何沐忽然有了说话的欲望。“那个……‘小菲’?”
“嗯?”
“你是南州人吗?”
“不是,我是本州人。”
“……本州的哪里?”
“环城市。”
“市区?”
“对。”
“你是跟着你父亲到南州来做生意的吗?”
“不是,是来避难的,我们十年前就已经到这边来了。”
“原来如此。”何沐向后靠到墙上,“说起来,我也是环城人,最近不久才来的这里。”
“工作安排?”
何沐点点头。“嗯。”
“南州的地方财政常年入不敷出。你是领公家钱的,没有申请过保留吗?”
“老实说,没有。”
“……”洛菲忽然沉默。
“小菲,”这个称呼有一种很微妙的感觉,何沐能够察觉得到。“其实我们一早就得知了有猎头埋伏在路上。你知道,我看见你们的车一路朝着那些猎头开过去的时候,我在想什么吗?”

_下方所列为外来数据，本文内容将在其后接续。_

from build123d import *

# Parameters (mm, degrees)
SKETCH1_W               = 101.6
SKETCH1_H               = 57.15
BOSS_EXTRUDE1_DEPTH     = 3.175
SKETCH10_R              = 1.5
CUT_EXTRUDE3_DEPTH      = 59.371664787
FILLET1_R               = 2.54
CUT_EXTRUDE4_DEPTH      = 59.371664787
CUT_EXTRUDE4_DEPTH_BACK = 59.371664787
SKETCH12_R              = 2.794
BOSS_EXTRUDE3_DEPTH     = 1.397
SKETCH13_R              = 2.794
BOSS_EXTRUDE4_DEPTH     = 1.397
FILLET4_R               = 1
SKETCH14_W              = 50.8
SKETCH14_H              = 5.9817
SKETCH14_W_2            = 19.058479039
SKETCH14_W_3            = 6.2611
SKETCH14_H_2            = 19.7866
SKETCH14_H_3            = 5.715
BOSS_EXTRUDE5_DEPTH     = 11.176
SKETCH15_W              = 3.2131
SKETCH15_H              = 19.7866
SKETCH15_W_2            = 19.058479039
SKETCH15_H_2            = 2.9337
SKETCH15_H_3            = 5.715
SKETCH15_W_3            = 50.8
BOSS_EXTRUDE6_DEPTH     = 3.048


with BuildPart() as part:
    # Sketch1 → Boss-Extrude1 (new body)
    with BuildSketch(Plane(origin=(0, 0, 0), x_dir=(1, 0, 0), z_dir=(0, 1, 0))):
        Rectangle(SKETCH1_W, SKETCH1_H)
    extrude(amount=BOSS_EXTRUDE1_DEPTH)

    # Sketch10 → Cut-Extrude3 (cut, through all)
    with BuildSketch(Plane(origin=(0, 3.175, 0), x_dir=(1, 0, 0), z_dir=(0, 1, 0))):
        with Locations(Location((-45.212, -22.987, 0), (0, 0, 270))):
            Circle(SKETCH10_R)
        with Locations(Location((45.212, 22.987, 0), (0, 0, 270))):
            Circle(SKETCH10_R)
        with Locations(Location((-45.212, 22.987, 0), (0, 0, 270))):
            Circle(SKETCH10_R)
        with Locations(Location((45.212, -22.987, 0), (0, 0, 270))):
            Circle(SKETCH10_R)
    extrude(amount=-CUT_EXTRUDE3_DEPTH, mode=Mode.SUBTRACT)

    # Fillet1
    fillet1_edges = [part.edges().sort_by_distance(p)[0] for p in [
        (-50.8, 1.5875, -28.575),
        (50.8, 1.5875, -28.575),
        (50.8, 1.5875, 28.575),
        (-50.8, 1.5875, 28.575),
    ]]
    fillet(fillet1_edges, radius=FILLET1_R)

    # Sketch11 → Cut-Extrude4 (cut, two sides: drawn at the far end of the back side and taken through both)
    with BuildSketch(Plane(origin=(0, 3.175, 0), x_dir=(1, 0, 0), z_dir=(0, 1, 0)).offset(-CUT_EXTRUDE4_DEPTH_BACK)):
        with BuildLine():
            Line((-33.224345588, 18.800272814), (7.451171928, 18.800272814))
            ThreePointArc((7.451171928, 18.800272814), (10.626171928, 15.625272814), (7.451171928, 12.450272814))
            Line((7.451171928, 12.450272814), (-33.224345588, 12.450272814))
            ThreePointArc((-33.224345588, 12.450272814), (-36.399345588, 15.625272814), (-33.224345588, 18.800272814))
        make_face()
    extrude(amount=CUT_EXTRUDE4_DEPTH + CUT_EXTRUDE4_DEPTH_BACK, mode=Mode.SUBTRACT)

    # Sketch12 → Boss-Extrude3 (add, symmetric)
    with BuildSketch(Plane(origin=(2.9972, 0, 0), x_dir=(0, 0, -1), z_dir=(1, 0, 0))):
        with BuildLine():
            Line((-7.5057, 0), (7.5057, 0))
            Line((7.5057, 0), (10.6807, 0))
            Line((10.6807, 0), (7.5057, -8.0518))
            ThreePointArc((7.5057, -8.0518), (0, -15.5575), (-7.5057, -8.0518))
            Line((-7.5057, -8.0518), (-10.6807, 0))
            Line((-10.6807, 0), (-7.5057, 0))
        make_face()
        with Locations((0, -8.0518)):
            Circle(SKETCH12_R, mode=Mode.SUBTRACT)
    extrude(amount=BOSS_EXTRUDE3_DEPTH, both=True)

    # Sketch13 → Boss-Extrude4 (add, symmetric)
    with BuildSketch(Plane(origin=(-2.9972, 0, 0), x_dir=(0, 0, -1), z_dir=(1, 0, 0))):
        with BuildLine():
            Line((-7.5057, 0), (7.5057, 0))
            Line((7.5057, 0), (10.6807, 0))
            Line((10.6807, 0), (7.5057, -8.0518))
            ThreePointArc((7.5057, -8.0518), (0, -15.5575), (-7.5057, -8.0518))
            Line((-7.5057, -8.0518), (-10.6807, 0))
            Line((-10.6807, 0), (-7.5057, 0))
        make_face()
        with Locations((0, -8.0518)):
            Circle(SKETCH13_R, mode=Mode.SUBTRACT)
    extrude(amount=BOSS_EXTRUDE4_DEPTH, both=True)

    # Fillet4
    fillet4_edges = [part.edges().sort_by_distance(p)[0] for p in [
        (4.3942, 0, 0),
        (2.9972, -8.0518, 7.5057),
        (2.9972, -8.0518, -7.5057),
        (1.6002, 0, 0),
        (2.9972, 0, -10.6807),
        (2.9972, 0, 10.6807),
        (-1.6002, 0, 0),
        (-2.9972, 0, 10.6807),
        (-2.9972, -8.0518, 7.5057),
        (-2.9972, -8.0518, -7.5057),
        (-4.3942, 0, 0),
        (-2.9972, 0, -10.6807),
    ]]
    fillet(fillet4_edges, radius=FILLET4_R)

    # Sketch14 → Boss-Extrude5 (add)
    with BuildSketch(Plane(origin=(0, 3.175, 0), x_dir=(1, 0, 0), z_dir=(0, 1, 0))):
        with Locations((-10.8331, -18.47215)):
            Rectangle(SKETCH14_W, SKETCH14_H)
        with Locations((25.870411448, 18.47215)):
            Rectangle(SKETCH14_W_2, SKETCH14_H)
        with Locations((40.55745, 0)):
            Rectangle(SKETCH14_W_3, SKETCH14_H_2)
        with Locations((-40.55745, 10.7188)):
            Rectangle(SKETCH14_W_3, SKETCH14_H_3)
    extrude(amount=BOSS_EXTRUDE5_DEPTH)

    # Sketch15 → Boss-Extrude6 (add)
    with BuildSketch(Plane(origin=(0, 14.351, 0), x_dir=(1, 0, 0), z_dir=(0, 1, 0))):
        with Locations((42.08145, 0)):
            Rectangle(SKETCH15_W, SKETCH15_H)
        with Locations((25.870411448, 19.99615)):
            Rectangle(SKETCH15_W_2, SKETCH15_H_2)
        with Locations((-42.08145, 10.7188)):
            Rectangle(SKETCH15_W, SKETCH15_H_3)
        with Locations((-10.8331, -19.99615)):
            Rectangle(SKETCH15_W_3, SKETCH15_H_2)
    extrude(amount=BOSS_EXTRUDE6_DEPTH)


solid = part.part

“你太露骨了。”洛菲打断他道,“不需要用这种办法来套近乎。”
“不是。”何沐没有理睬,只是继续说了下去:
“我很痛恨这个世界;明明有很多事情只需要那么简单的行动便可以避免不必要的悲剧,但是人们却宁愿眼睁睁地看着它们发生;只要灾厄有一天没有杀到自己的床上,我们就宁愿闭着眼假寐。但是我更痛恨我自己;这些事情明明就发生在我自己身边,我却连拿起枪去改变的勇气都没有;我没有能够改变什么的能力,我只是一个普通人,并且就因此连想要改变的想法都要无法坚守。”
隔着一片混沌,洛菲呆呆地凝望着何沐。“真的?”
“我是这么想的。”
洛菲噗地一声笑了出来。“你是环城人?”
“嗯?”
“你去过国立第三医院吗?”
“去过。”
“住院大楼门口的那棵樱花树,”洛菲缓缓地讲述着,“每年的三月末都会盛开,七天以后就会凋谢;但是据说‘狂泉症候群’爆发的那一年,那棵树在大雪中开放了整整一个月。之后它就死了,一直到雪停后的春天也没有再开放过,然而医院并没有拔除掉它,因为病人们都说在那棵树下休憩让他们感到灵魂能够安宁。甚至有人说,如果站在那棵树下虔诚地祈祷,就能够看到怒放的樱花飘满整片天空;在那片樱云下能够看到小时候的自己;如果你走上前去牵住他的手将他从医院带走,你就会彻底地痊愈。”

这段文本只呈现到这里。